#### EXERCISE REQUIREMENTS:
Once the line containing "13. corridor (two" is found in the records below, return it and each following line exactly, up to and including the line containing "16. corridor (two", and nothing else.

#### INPUT:
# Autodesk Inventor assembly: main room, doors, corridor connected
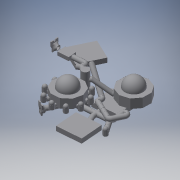
[picture p0: Inventor's stored thumbnail of the model, 180x180]
Saved by Autodesk Inventor 2017 (Build 210142000, 142)
## iProperties
Created: 2018-03-04
Part Number: main room, doors, corridor connected
Document SubType Name: Assembly
Designer: Braxton
Author: Braxton
## Documents named in this file (21)
- E:\School\Game develpment\geoscape\done\double wall\map (double wall)\main room, doors, corridor connected (two walls).iam
- E:\School\Game develpment\geoscape\done\single wall\rooms  (one wall)\assembly\main room with double door.iam
- E:\School\Game develpment\geoscape\done\double wall\corridors (double wall)\corridor (two walls).ipt
- E:\School\Game develpment\geoscape\done\double wall\corridors (double wall)\corridor turn (two walls).ipt
- E:\School\Game develpment\geoscape\done\double wall\corridors (double wall)\Y corridor (two walls).ipt
- E:\School\Game develpment\geoscape\done\double wall\corridors (double wall)\end cap (two walls).ipt
- E:\School\Game develpment\geoscape\done\double wall\corridors (double wall)\ramp top connect (two walls).ipt
- E:\School\Game develpment\geoscape\done\double wall\corridors (double wall)\ramp (two walls).ipt
- E:\School\Game develpment\geoscape\done\double wall\corridors (double wall)\ramp bottom connect (two walls).ipt
- E:\School\Game develpment\geoscape\done\double wall\corridors (double wall)\curve ramp (two walls).ipt
- E:\School\Game develpment\geoscape\done\single wall\rooms  (one wall)\assembly\dome with double door.iam
- E:\School\Game develpment\geoscape\done\double wall\corridors (double wall)\X corridor (two walls).ipt
- E:\School\Game develpment\geoscape\done\double wall\rooms (double wall)\room with 15 cubicals (two walls).ipt
- E:\School\Game develpment\geoscape\done\double wall\corridors (double wall)\ramp connect both ends (two walls).ipt
- E:\School\Game develpment\geoscape\done\doors\end door\9 foot door\end door room (9).ipt
- E:\School\Game develpment\geoscape\done\doors\end door\9 foot door\end door assembly (9).ipt.iam
- E:\School\Game develpment\geoscape\done\single wall\rooms  (one wall)\assembly\dome one terminal.iam
- E:\School\Game develpment\geoscape\done\single wall\rooms  (one wall)\assembly\assembly of dome with corridors with all doors.iam
- E:\School\Game develpment\geoscape\done\doors\end door\9 foot door\end door assembly (closed) (9).ipt.iam
- end door assembly (9).ipt
- end door assembly (closed) (9).ipt
## Components (69 placed, 19 different names)
1. room with 15 cubicals (two walls):3 — Flush:103, Insert:87
2. ramp top connect (two walls):3 — Flush:84, Insert:77, Flush:103, Insert:87
3. ramp (two walls):8 — Insert:74, Flush:81, Insert:75, Flush:82
4. ramp (two walls):7 — Insert:75, Flush:82, Insert:76, Flush:83
5. ramp (two walls):6 — Insert:73, Flush:80, Flush:84, Insert:77
6. ramp (two walls):5 — Insert:72, Flush:79, Insert:73, Flush:80
7. ramp (two walls):4 — Insert:72, Flush:79, Insert:74, Flush:81
8. ramp bottom connect (two walls):3 — Insert:71, Flush:78, Insert:76, Flush:83
9. corridor turn (two walls):8 — Insert:70, Flush:77, Insert:71, Flush:78
10. corridor turn (two walls):7 — Flush:75, Insert:68, Insert:70, Flush:77
11. corridor (two walls):18 — Flush:71, Insert:64, Flush:75, Insert:68
12. corridor (two walls):17 — Insert:65, Flush:72, Insert:66, Flush:73
13. corridor (two walls):16 — Insert:66, Flush:73, Flush:74, Insert:67
14. corridor (two walls):15 — Flush:71, Insert:64, Insert:65, Flush:72
15. corridor turn (two walls):6 — Flush:70, Insert:63, Flush:74, Insert:67
16. corridor (two walls):14 — Flush:68, Insert:61, Flush:70, Insert:63
17. corridor (two walls):13 — Flush:68, Insert:61, Insert:62, Flush:69
18. ramp top connect (two walls):2 — Flush:65, Insert:58, Flush:66, Insert:60
19. corridor turn (two walls):5 — Flush:67, Insert:59, Insert:62, Flush:69
20. corridor turn (two walls):4 — Flush:66, Flush:67, Insert:59, Insert:60
21. ramp bottom connect (two walls):2 — Flush:64, Insert:57, Flush:65, Insert:58
22. corridor (two walls):12 — Flush:56, Insert:50, Insert:51, Flush:60
23. corridor (two walls):11 — Insert:52, Insert:53, Flush:57, Flush:58
24. corridor (two walls):10 — Insert:53, Flush:57, Flush:59, Flush:61, Insert:55
25. room with 15 cubicals (two walls):2 — Flush:49, Insert:48
26. ramp connect both ends (two walls):2 — Flush:46, Insert:45, Flush:48, Insert:47
27. ramp connect both ends (two walls):1 — Flush:47, Insert:46, Flush:49, Insert:48
28. room with 15 cubicals (two walls):1 — Flush:48, Insert:47
29. Y corridor (two walls):2 — Insert:51, Insert:52, Flush:58, Flush:60, Flush:64, Insert:57
30. X corridor (two walls):1 — Flush:44, Insert:43, Flush:46, Flush:47, Insert:45, Insert:46, Flush:56, Insert:50
31. corridor (two walls):9 — Flush:43, Flush:44, Insert:42, Insert:43
32. corridor (two walls):8 — Flush:42, Flush:43, Insert:41, Insert:42
33. corridor turn (two walls):3 — Insert:40, Flush:41, Flush:42, Insert:41
34. curve ramp (two walls):1 — Flush:23, Insert:24, Flush:24, Insert:25, Flush:33, Insert:27, Flush:35, Insert:36, Flush:38, Insert:37, Insert:40, Flush:41, Flush:76, Insert:69
35. ramp top connect (two walls):1 — Flush:24, Insert:25, Flush:25, Insert:26
36. corridor turn (two walls):2 — Flush:28, Flush:33, Insert:27, Insert:28
37. corridor (two walls):3 — Flush:28, Flush:29, Insert:32, Flush:54, Insert:49
38. corridor (two walls):4 — Flush:29, Flush:30, Insert:31, Insert:32
39. corridor (two walls):5 — Flush:30, Flush:31, Insert:30, Insert:31
40. corridor (two walls):6 — Flush:31, Flush:32, Insert:29, Insert:30
41. corridor (two walls):7 — Flush:32, Insert:28, Insert:29
42. end cap (two walls):4 — Flush:35, Insert:36
43. end cap (two walls):5 — Flush:38, Insert:37
44. ramp bottom connect (two walls):1 — Flush:19, Insert:18, Flush:40, Insert:39
45. ramp (two walls):1 — Flush:17, Insert:20, Flush:25, Insert:26
46. ramp (two walls):2 — Flush:17, Flush:18, Insert:19, Insert:20
47. ramp (two walls):3 — Flush:18, Flush:19, Insert:18, Insert:19
48. corridor (two walls):1 — Flush:1, Flush:2, Insert:1, Insert:2
49. corridor (two walls):2 — Flush:2, Flush:3, Insert:2, Insert:3
50. corridor turn (two walls):1 — Flush:3, Flush:4, Insert:3, Insert:4
51. Y corridor (two walls):1 — Flush:4, Insert:4, Flush:23, Insert:24, Flush:104, Insert:88
52. end cap (two walls):1 — Flush:104, Insert:88
53. dome one terminal:10 [sub-assembly] — Insert:81, Flush:93
54. dome one terminal:9 [sub-assembly] — Insert:82, Flush:92
55. dome one terminal:8 [sub-assembly] — Insert:83, Flush:91
56. dome one terminal:7 [sub-assembly] — Insert:86, Flush:90
57. dome one terminal:6 [sub-assembly] — Insert:85, Flush:89
58. dome one terminal:5 [sub-assembly] — Insert:84, Flush:88
59. dome one terminal:4 [sub-assembly] — Insert:80, Flush:87
60. dome one terminal:3 [sub-assembly] — Insert:79, Flush:86
61. dome one terminal:2 [sub-assembly] — Insert:78, Flush:85
62. assembly of dome with corridors with all doors:1 [sub-assembly] — Flush:76, Insert:69, Insert:78, Insert:79, Insert:80, Insert:81, Insert:82, Insert:83, Insert:84, Insert:85, Insert:86, Flush:85, Flush:86, Flush:87, Flush:88, Flush:89, Flush:90, Flush:91, Flush:92, Flush:93
63. dome one terminal:1 [sub-assembly] — Flush:59, Flush:61, Insert:55
64. dome with double door:1 [sub-assembly] — Flush:40, Insert:39
65. main room with double door:1 [sub-assembly] — Flush:1, Insert:1, Flush:106, Insert:89
66. end door assembly (closed) (9).ipt:2 [sub-assembly] — Mate:55, Mate:56
67. end door room (9):1 — Flush:54, Insert:49, Flush:55, Mate:47, Mate:48, Mate:51, Mate:52
68. end door assembly (9).ipt:1 [sub-assembly] — Flush:55, Mate:47, Mate:48, Mate:51, Mate:52
69. end door room (Starting) (9):2 — Flush:106, Insert:89, Mate:55, Mate:56
## Relationships (140: Flush 68, Insert 66, Mate 6)
- Flush:1: corridor (two walls):1 ↔ main room with double door:1
- Flush:2: corridor (two walls):1 ↔ corridor (two walls):2
- Flush:3: corridor (two walls):2 ↔ corridor turn (two walls):1
- Flush:4: corridor turn (two walls):1 ↔ Y corridor (two walls):1
- Insert:1: corridor (two walls):1 ↔ main room with double door:1
- Insert:2: corridor (two walls):1 ↔ corridor (two walls):2
- Insert:3: corridor (two walls):2 ↔ corridor turn (two walls):1
- Insert:4: corridor turn (two walls):1 ↔ Y corridor (two walls):1
- Flush:17: ramp (two walls):1 ↔ ramp (two walls):2
- Flush:18: ramp (two walls):2 ↔ ramp (two walls):3
- Flush:19: ramp bottom connect (two walls):1 ↔ ramp (two walls):3
- Insert:18: ramp bottom connect (two walls):1 ↔ ramp (two walls):3
- Insert:19: ramp (two walls):2 ↔ ramp (two walls):3
- Insert:20: ramp (two walls):1 ↔ ramp (two walls):2
- Flush:23: curve ramp (two walls):1 ↔ Y corridor (two walls):1
- Insert:24: curve ramp (two walls):1 ↔ Y corridor (two walls):1
- Flush:24: curve ramp (two walls):1 ↔ ramp top connect (two walls):1
- Insert:25: curve ramp (two walls):1 ↔ ramp top connect (two walls):1
- Flush:25: ramp top connect (two walls):1 ↔ ramp (two walls):1
- Insert:26: ramp top connect (two walls):1 ↔ ramp (two walls):1
- Flush:28: corridor turn (two walls):2 ↔ corridor (two walls):3
- Flush:29: corridor (two walls):3 ↔ corridor (two walls):4
- Flush:30: corridor (two walls):4 ↔ corridor (two walls):5
- Flush:31: corridor (two walls):5 ↔ corridor (two walls):6
- Flush:32: corridor (two walls):6 ↔ corridor (two walls):7
- Flush:33: curve ramp (two walls):1 ↔ corridor turn (two walls):2
- Insert:27: curve ramp (two walls):1 ↔ corridor turn (two walls):2
- Insert:28: corridor turn (two walls):2 ↔ corridor (two walls):7
- Insert:29: corridor (two walls):6 ↔ corridor (two walls):7
- Insert:30: corridor (two walls):5 ↔ corridor (two walls):6
- Insert:31: corridor (two walls):4 ↔ corridor (two walls):5
- Insert:32: corridor (two walls):3 ↔ corridor (two walls):4
- Flush:35: curve ramp (two walls):1 ↔ end cap (two walls):4
- Insert:36: curve ramp (two walls):1 ↔ end cap (two walls):4
- Flush:38: curve ramp (two walls):1 ↔ end cap (two walls):5
- Insert:37: curve ramp (two walls):1 ↔ end cap (two walls):5
- Flush:40: ramp bottom connect (two walls):1 ↔ dome with double door:1
- Insert:39: ramp bottom connect (two walls):1 ↔ dome with double door:1
- Insert:40: corridor turn (two walls):3 ↔ curve ramp (two walls):1
- Flush:41: corridor turn (two walls):3 ↔ curve ramp (two walls):1
- Flush:42: corridor (two walls):8 ↔ corridor turn (two walls):3
- Flush:43: corridor (two walls):9 ↔ corridor (two walls):8
- Flush:44: X corridor (two walls):1 ↔ corridor (two walls):9
- Insert:41: corridor (two walls):8 ↔ corridor turn (two walls):3
- Insert:42: corridor (two walls):9 ↔ corridor (two walls):8
- Insert:43: X corridor (two walls):1 ↔ corridor (two walls):9
- Flush:46: ramp connect both ends (two walls):2 ↔ X corridor (two walls):1
- Flush:47: ramp connect both ends (two walls):1 ↔ X corridor (two walls):1
- Insert:45: ramp connect both ends (two walls):2 ↔ X corridor (two walls):1
- Insert:46: ramp connect both ends (two walls):1 ↔ X corridor (two walls):1
- Flush:48: ramp connect both ends (two walls):2 ↔ room with 15 cubicals (two walls):1
- Insert:47: ramp connect both ends (two walls):2 ↔ room with 15 cubicals (two walls):1
- Flush:49: room with 15 cubicals (two walls):2 ↔ ramp connect both ends (two walls):1
- Insert:48: room with 15 cubicals (two walls):2 ↔ ramp connect both ends (two walls):1
- Flush:54: corridor (two walls):3 ↔ end door room (9):1
- Insert:49: corridor (two walls):3 ↔ end door room (9):1
- Flush:55: end door room (9):1 ↔ end door assembly (9).ipt:1
- Mate:47: end door room (9):1 ↔ end door assembly (9).ipt:1
- Mate:48: end door room (9):1 ↔ end door assembly (9).ipt:1
- Flush:56: corridor (two walls):12 ↔ X corridor (two walls):1
- Insert:50: corridor (two walls):12 ↔ X corridor (two walls):1
- Insert:51: corridor (two walls):12 ↔ Y corridor (two walls):2
- Insert:52: corridor (two walls):11 ↔ Y corridor (two walls):2
- Insert:53: corridor (two walls):11 ↔ corridor (two walls):10
- Flush:57: corridor (two walls):11 ↔ corridor (two walls):10
- Flush:58: corridor (two walls):11 ↔ Y corridor (two walls):2
- Flush:59: corridor (two walls):10 ↔ dome one terminal:1
- Flush:60: corridor (two walls):12 ↔ Y corridor (two walls):2
- Flush:61: corridor (two walls):10 ↔ dome one terminal:1
- Insert:55: corridor (two walls):10 ↔ dome one terminal:1
- Flush:64: ramp bottom connect (two walls):2 ↔ Y corridor (two walls):2
- Insert:57: ramp bottom connect (two walls):2 ↔ Y corridor (two walls):2
- Flush:65: ramp top connect (two walls):2 ↔ ramp bottom connect (two walls):2
- Insert:58: ramp top connect (two walls):2 ↔ ramp bottom connect (two walls):2
- Flush:66: ramp top connect (two walls):2 ↔ corridor turn (two walls):4
- Flush:67: corridor turn (two walls):5 ↔ corridor turn (two walls):4
- Insert:59: corridor turn (two walls):5 ↔ corridor turn (two walls):4
- Insert:60: ramp top connect (two walls):2 ↔ corridor turn (two walls):4
- Flush:68: corridor (two walls):14 ↔ corridor (two walls):13
- Insert:61: corridor (two walls):14 ↔ corridor (two walls):13
- Insert:62: corridor (two walls):13 ↔ corridor turn (two walls):5
- Flush:69: corridor (two walls):13 ↔ corridor turn (two walls):5
- Flush:70: corridor turn (two walls):6 ↔ corridor (two walls):14
- Insert:63: corridor turn (two walls):6 ↔ corridor (two walls):14
- Flush:71: corridor (two walls):18 ↔ corridor (two walls):15
- Insert:64: corridor (two walls):18 ↔ corridor (two walls):15
- Insert:65: corridor (two walls):17 ↔ corridor (two walls):15
- Flush:72: corridor (two walls):17 ↔ corridor (two walls):15
- Insert:66: corridor (two walls):17 ↔ corridor (two walls):16
- Flush:73: corridor (two walls):17 ↔ corridor (two walls):16
- Flush:74: corridor (two walls):16 ↔ corridor turn (two walls):6
- Insert:67: corridor (two walls):16 ↔ corridor turn (two walls):6
- Mate:51: end door room (9):1 ↔ end door assembly (9).ipt:1
- Mate:52: end door room (9):1 ↔ end door assembly (9).ipt:1
- Flush:75: corridor turn (two walls):7 ↔ corridor (two walls):18
- Insert:68: corridor turn (two walls):7 ↔ corridor (two walls):18
- Flush:76: curve ramp (two walls):1 ↔ assembly of dome with corridors with all doors:1
- Insert:69: curve ramp (two walls):1 ↔ assembly of dome with corridors with all doors:1
- Insert:70: corridor turn (two walls):8 ↔ corridor turn (two walls):7
- Flush:77: corridor turn (two walls):8 ↔ corridor turn (two walls):7
- Insert:71: ramp bottom connect (two walls):3 ↔ corridor turn (two walls):8
- Flush:78: ramp bottom connect (two walls):3 ↔ corridor turn (two walls):8
- Insert:72: ramp (two walls):5 ↔ ramp (two walls):4
- Flush:79: ramp (two walls):5 ↔ ramp (two walls):4
- Insert:73: ramp (two walls):6 ↔ ramp (two walls):5
- Flush:80: ramp (two walls):6 ↔ ramp (two walls):5
- Insert:74: ramp (two walls):8 ↔ ramp (two walls):4
- Flush:81: ramp (two walls):8 ↔ ramp (two walls):4
- Insert:75: ramp (two walls):8 ↔ ramp (two walls):7
- Flush:82: ramp (two walls):8 ↔ ramp (two walls):7
- Insert:76: ramp (two walls):7 ↔ ramp bottom connect (two walls):3
- Flush:83: ramp (two walls):7 ↔ ramp bottom connect (two walls):3
- Flush:84: ramp top connect (two walls):3 ↔ ramp (two walls):6
- Insert:77: ramp top connect (two walls):3 ↔ ramp (two walls):6
- Insert:78: dome one terminal:2 ↔ assembly of dome with corridors with all doors:1
- Insert:79: dome one terminal:3 ↔ assembly of dome with corridors with all doors:1
- Insert:80: dome one terminal:4 ↔ assembly of dome with corridors with all doors:1
- Insert:81: dome one terminal:10 ↔ assembly of dome with corridors with all doors:1
- Insert:82: dome one terminal:9 ↔ assembly of dome with corridors with all doors:1
- Insert:83: dome one terminal:8 ↔ assembly of dome with corridors with all doors:1
- Insert:84: dome one terminal:5 ↔ assembly of dome with corridors with all doors:1
- Insert:85: dome one terminal:6 ↔ assembly of dome with corridors with all doors:1
- Insert:86: dome one terminal:7 ↔ assembly of dome with corridors with all doors:1
- Flush:85: dome one terminal:2 ↔ assembly of dome with corridors with all doors:1
- Flush:86: dome one terminal:3 ↔ assembly of dome with corridors with all doors:1
- Flush:87: dome one terminal:4 ↔ assembly of dome with corridors with all doors:1
- Flush:88: dome one terminal:5 ↔ assembly of dome with corridors with all doors:1
- Flush:89: dome one terminal:6 ↔ assembly of dome with corridors with all doors:1
- Flush:90: dome one terminal:7 ↔ assembly of dome with corridors with all doors:1
- Flush:91: dome one terminal:8 ↔ assembly of dome with corridors with all doors:1
- Flush:92: dome one terminal:9 ↔ assembly of dome with corridors with all doors:1
- Flush:93: dome one terminal:10 ↔ assembly of dome with corridors with all doors:1
- Flush:103: room with 15 cubicals (two walls):3 ↔ ramp top connect (two walls):3
- Insert:87: room with 15 cubicals (two walls):3 ↔ ramp top connect (two walls):3
- Flush:104: Y corridor (two walls):1 ↔ end cap (two walls):1
- Insert:88: Y corridor (two walls):1 ↔ end cap (two walls):1
- Flush:106: main room with double door:1 ↔ end door room (Starting) (9):2
- Insert:89: main room with double door:1 ↔ end door room (Starting) (9):2
- Mate:55: end door assembly (closed) (9).ipt:2 ↔ end door room (Starting) (9):2
- Mate:56: end door assembly (closed) (9).ipt:2 ↔ end door room (Starting) (9):2

#### SOLUTION FOR THIS PROBLEM:
13. corridor (two walls):16 — Insert:66, Flush:73, Flush:74, Insert:67
14. corridor (two walls):15 — Flush:71, Insert:64, Insert:65, Flush:72
15. corridor turn (two walls):6 — Flush:70, Insert:63, Flush:74, Insert:67
16. corridor (two walls):14 — Flush:68, Insert:61, Flush:70, Insert:63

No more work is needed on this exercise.